▶ Task prompt
Please, from the entries below, transcribe exactly the lines that begin at the line with "PI Controller Phi/1(y) -> Sum1/2" and end at the line with "PDF Controller theta 2DOF Kd 2D Lookup Table : Lookup_n-D", without the pictures.

▶ Entries shown
┄┄┄┄┄┄

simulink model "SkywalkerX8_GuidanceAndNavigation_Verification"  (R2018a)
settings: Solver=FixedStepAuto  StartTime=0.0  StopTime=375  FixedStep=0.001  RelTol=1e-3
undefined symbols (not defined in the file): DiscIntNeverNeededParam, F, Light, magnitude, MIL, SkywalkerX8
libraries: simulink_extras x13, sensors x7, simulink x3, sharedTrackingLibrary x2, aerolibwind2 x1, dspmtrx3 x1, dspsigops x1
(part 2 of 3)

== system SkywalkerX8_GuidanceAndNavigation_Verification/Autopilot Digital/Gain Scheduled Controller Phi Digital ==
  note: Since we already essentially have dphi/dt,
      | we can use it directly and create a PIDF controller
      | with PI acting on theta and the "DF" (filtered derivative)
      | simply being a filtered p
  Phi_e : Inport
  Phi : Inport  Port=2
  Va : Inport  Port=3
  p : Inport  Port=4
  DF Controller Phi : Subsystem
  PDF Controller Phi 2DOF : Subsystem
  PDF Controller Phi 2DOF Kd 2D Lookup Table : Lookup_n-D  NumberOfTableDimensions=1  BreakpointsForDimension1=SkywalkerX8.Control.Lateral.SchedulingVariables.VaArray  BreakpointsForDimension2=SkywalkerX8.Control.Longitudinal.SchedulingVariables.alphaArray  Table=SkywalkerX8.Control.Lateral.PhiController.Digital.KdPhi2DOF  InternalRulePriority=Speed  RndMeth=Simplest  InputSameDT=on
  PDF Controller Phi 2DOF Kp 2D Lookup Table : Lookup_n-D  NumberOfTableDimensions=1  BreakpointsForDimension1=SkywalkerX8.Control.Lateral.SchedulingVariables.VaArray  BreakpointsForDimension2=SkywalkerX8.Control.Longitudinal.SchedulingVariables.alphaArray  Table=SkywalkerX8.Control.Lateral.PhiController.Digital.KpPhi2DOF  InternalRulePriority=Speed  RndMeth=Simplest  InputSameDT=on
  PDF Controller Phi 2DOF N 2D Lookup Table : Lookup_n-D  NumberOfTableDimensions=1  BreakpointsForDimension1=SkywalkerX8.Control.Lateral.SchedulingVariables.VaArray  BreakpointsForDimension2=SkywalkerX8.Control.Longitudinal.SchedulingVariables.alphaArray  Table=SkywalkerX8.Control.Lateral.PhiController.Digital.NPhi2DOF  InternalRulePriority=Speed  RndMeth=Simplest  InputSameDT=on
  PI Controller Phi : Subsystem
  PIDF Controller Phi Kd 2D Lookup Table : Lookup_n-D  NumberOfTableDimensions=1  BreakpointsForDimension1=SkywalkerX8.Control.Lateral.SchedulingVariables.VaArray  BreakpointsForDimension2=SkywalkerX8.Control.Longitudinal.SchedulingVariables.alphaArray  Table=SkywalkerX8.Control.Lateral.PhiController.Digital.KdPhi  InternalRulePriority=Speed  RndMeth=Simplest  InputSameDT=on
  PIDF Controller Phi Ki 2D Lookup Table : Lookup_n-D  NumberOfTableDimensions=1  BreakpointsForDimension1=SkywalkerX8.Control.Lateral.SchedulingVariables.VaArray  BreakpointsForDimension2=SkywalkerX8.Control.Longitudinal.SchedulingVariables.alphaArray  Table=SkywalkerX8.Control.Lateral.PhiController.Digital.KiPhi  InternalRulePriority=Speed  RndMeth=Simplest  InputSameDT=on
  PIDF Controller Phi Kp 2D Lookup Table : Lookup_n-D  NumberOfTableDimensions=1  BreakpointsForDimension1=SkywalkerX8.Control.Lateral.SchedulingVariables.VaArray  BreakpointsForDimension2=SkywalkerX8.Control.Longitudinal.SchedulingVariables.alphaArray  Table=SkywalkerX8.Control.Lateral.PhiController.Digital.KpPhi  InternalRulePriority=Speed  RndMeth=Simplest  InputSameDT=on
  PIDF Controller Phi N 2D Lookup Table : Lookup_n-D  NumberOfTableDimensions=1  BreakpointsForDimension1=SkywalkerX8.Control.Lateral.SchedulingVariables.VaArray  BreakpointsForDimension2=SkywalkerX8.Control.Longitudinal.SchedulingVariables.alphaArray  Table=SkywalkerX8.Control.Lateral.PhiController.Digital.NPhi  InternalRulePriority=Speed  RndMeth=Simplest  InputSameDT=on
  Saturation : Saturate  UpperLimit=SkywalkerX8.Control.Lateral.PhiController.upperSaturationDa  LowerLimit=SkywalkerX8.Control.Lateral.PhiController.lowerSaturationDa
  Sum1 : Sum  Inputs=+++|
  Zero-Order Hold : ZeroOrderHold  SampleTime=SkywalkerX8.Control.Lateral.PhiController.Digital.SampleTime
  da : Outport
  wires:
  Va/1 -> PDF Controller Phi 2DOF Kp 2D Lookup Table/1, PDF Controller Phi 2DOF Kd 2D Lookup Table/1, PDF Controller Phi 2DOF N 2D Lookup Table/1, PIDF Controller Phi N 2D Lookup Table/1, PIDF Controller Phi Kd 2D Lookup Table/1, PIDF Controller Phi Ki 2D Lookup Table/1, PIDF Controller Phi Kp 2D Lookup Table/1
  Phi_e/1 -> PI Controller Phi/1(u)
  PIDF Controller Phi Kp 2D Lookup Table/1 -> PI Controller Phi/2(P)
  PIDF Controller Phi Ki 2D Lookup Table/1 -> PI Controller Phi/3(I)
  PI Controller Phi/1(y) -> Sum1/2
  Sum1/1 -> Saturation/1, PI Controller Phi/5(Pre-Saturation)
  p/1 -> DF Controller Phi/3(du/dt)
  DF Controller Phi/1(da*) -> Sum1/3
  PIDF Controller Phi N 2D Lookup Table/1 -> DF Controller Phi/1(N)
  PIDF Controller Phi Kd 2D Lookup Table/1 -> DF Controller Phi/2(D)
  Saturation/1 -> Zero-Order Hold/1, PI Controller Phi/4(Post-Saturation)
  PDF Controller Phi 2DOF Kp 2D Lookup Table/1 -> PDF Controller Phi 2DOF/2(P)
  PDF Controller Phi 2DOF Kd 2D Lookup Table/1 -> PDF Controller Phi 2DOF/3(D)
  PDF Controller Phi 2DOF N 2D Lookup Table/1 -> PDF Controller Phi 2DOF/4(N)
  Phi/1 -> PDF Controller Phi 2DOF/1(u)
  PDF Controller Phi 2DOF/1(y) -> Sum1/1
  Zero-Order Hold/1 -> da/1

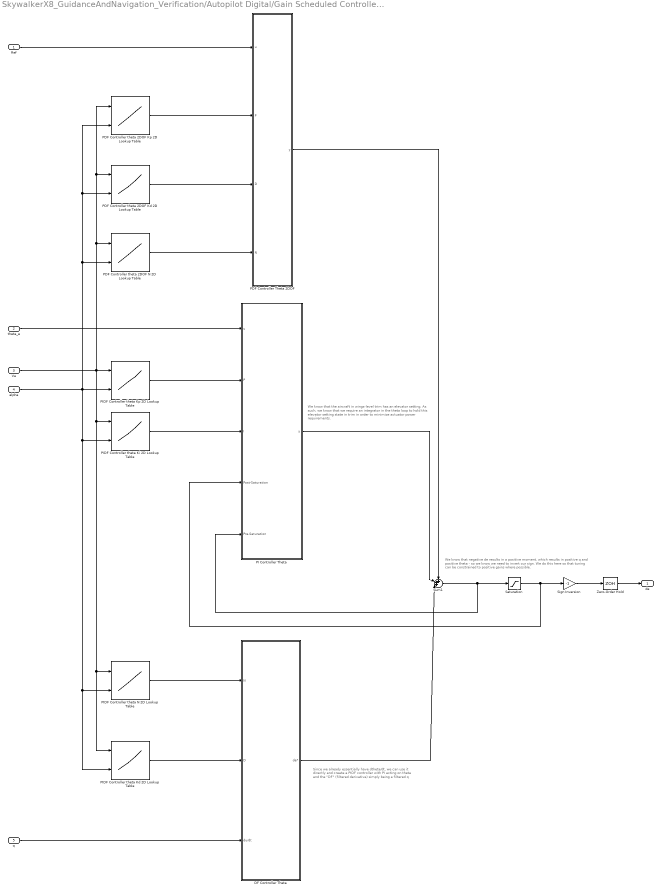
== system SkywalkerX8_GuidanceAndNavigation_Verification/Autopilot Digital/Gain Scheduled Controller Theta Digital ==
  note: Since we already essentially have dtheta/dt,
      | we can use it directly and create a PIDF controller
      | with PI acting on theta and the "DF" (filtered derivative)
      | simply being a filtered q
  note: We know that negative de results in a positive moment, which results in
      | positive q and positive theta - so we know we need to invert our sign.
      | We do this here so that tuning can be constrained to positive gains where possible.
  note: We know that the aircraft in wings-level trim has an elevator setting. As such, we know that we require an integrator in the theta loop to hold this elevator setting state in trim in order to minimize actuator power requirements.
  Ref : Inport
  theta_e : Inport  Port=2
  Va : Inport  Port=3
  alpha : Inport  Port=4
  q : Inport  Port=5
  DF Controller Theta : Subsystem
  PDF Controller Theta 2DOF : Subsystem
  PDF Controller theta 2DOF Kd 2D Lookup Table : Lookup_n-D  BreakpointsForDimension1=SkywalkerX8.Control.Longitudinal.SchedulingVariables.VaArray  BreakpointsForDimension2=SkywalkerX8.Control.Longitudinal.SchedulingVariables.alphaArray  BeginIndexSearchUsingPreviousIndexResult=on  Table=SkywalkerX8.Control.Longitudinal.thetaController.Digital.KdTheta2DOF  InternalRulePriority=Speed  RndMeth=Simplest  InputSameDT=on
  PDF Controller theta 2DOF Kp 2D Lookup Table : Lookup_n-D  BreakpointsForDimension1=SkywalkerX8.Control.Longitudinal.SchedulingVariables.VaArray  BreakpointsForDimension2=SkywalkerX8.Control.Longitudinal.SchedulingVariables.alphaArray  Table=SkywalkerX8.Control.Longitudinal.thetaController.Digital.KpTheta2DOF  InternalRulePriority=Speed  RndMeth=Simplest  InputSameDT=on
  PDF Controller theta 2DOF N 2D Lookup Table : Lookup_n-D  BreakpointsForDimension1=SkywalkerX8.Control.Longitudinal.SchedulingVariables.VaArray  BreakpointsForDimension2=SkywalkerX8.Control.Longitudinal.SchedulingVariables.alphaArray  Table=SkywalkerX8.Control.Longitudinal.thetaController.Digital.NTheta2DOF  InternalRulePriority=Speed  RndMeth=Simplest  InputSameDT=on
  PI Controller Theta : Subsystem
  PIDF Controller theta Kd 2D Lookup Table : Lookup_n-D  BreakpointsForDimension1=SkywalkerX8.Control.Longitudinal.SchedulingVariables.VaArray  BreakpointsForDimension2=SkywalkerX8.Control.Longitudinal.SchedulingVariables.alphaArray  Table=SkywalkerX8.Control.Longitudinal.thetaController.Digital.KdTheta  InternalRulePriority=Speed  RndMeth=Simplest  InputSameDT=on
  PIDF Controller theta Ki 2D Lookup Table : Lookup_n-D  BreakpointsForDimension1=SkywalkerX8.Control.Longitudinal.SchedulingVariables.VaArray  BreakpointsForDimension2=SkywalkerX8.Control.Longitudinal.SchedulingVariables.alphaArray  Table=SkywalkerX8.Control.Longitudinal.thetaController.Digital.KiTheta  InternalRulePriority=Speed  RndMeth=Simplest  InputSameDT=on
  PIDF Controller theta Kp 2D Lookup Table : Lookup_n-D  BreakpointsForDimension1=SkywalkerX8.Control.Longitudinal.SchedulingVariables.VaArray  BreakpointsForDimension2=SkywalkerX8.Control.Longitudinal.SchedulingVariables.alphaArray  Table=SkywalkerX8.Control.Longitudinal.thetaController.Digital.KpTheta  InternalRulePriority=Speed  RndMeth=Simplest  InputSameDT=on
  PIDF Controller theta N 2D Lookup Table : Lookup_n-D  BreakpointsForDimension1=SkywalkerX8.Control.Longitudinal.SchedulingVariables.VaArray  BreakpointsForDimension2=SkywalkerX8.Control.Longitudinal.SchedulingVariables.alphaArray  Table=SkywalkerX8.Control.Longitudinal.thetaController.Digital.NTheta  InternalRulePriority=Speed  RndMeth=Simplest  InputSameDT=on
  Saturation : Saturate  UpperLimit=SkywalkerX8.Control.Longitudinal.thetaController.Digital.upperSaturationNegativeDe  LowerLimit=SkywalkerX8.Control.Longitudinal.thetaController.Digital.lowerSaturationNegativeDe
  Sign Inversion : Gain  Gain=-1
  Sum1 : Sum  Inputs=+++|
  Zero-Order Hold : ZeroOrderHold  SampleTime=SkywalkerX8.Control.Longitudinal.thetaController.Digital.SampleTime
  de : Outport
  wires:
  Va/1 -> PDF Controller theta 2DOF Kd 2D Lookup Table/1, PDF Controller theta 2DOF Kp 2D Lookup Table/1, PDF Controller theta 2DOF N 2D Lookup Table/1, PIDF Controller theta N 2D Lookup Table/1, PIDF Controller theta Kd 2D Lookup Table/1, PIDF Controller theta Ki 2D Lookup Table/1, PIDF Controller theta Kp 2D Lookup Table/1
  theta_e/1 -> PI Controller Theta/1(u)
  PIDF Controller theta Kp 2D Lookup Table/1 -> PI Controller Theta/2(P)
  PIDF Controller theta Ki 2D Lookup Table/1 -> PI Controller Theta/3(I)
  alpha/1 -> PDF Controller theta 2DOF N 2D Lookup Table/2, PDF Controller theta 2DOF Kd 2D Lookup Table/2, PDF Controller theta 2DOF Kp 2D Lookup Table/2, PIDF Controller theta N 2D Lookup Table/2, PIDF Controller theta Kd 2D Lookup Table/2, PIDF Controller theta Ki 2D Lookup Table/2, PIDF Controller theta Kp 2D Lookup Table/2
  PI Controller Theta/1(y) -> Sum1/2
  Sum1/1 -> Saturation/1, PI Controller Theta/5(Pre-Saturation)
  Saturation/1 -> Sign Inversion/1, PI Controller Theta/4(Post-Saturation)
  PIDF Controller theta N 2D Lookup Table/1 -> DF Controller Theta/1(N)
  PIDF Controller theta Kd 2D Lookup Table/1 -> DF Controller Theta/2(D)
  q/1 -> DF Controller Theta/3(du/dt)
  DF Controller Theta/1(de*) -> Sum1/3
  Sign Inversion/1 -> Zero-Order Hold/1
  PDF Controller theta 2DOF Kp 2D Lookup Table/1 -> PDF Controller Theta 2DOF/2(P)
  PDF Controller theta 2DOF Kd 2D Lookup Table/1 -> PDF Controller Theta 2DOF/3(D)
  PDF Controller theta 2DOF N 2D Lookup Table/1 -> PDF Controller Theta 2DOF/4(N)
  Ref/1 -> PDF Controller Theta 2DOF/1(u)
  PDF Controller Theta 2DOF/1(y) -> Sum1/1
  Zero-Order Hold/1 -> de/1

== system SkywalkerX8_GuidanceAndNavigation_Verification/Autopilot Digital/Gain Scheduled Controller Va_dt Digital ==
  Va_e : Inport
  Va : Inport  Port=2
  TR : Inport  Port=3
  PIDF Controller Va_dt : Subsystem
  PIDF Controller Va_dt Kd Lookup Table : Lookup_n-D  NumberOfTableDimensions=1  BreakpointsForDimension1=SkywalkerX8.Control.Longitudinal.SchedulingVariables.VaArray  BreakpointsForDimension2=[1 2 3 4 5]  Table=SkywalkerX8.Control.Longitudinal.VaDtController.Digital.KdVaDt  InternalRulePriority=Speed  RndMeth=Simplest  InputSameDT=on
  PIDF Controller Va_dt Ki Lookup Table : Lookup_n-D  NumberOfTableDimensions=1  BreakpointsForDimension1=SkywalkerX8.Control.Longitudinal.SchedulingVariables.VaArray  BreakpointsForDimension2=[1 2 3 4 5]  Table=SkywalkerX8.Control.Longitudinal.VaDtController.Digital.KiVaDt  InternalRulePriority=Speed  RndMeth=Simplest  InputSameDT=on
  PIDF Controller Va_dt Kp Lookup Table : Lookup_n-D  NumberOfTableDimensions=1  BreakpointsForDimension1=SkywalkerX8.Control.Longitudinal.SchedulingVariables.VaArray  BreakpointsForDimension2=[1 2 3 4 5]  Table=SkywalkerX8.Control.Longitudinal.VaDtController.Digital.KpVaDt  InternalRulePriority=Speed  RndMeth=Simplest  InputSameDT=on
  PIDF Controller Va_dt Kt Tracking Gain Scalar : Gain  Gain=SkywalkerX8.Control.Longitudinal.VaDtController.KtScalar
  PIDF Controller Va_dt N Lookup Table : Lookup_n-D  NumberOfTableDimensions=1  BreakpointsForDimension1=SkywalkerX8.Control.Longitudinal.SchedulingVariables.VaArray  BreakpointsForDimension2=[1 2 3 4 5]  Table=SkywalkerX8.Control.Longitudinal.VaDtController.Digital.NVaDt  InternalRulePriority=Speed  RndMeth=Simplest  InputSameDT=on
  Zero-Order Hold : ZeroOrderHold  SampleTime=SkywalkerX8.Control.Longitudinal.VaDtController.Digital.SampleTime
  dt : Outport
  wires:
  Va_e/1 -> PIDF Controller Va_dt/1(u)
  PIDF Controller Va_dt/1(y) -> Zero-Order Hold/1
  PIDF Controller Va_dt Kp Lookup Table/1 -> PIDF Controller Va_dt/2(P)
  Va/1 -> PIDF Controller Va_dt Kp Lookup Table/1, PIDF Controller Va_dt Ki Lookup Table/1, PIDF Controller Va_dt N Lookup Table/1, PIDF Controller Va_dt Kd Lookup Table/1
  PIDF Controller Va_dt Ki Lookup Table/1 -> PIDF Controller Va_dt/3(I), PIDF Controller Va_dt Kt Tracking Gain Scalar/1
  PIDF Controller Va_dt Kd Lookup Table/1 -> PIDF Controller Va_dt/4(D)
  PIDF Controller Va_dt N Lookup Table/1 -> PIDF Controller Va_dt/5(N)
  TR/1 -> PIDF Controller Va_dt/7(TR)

┄┄┄┄┄┄

▶ Written solution
  PI Controller Phi/1(y) -> Sum1/2
  Sum1/1 -> Saturation/1, PI Controller Phi/5(Pre-Saturation)
  p/1 -> DF Controller Phi/3(du/dt)
  DF Controller Phi/1(da*) -> Sum1/3
  PIDF Controller Phi N 2D Lookup Table/1 -> DF Controller Phi/1(N)
  PIDF Controller Phi Kd 2D Lookup Table/1 -> DF Controller Phi/2(D)
  Saturation/1 -> Zero-Order Hold/1, PI Controller Phi/4(Post-Saturation)
  PDF Controller Phi 2DOF Kp 2D Lookup Table/1 -> PDF Controller Phi 2DOF/2(P)
  PDF Controller Phi 2DOF Kd 2D Lookup Table/1 -> PDF Controller Phi 2DOF/3(D)
  PDF Controller Phi 2DOF N 2D Lookup Table/1 -> PDF Controller Phi 2DOF/4(N)
  Phi/1 -> PDF Controller Phi 2DOF/1(u)
  PDF Controller Phi 2DOF/1(y) -> Sum1/1
  Zero-Order Hold/1 -> da/1

== system SkywalkerX8_GuidanceAndNavigation_Verification/Autopilot Digital/Gain Scheduled Controller Theta Digital ==
  note: Since we already essentially have dtheta/dt,
      | we can use it directly and create a PIDF controller
      | with PI acting on theta and the "DF" (filtered derivative)
      | simply being a filtered q
  note: We know that negative de results in a positive moment, which results in
      | positive q and positive theta - so we know we need to invert our sign.
      | We do this here so that tuning can be constrained to positive gains where possible.
  note: We know that the aircraft in wings-level trim has an elevator setting. As such, we know that we require an integrator in the theta loop to hold this elevator setting state in trim in order to minimize actuator power requirements.
  Ref : Inport
  theta_e : Inport  Port=2
  Va : Inport  Port=3
  alpha : Inport  Port=4
  q : Inport  Port=5
  DF Controller Theta : Subsystem
  PDF Controller Theta 2DOF : Subsystem
  PDF Controller theta 2DOF Kd 2D Lookup Table : Lookup_n-D  BreakpointsForDimension1=SkywalkerX8.Control.Longitudinal.SchedulingVariables.VaArray  BreakpointsForDimension2=SkywalkerX8.Control.Longitudinal.SchedulingVariables.alphaArray  BeginIndexSearchUsingPreviousIndexResult=on  Table=SkywalkerX8.Control.Longitudinal.thetaController.Digital.KdTheta2DOF  InternalRulePriority=Speed  RndMeth=Simplest  InputSameDT=on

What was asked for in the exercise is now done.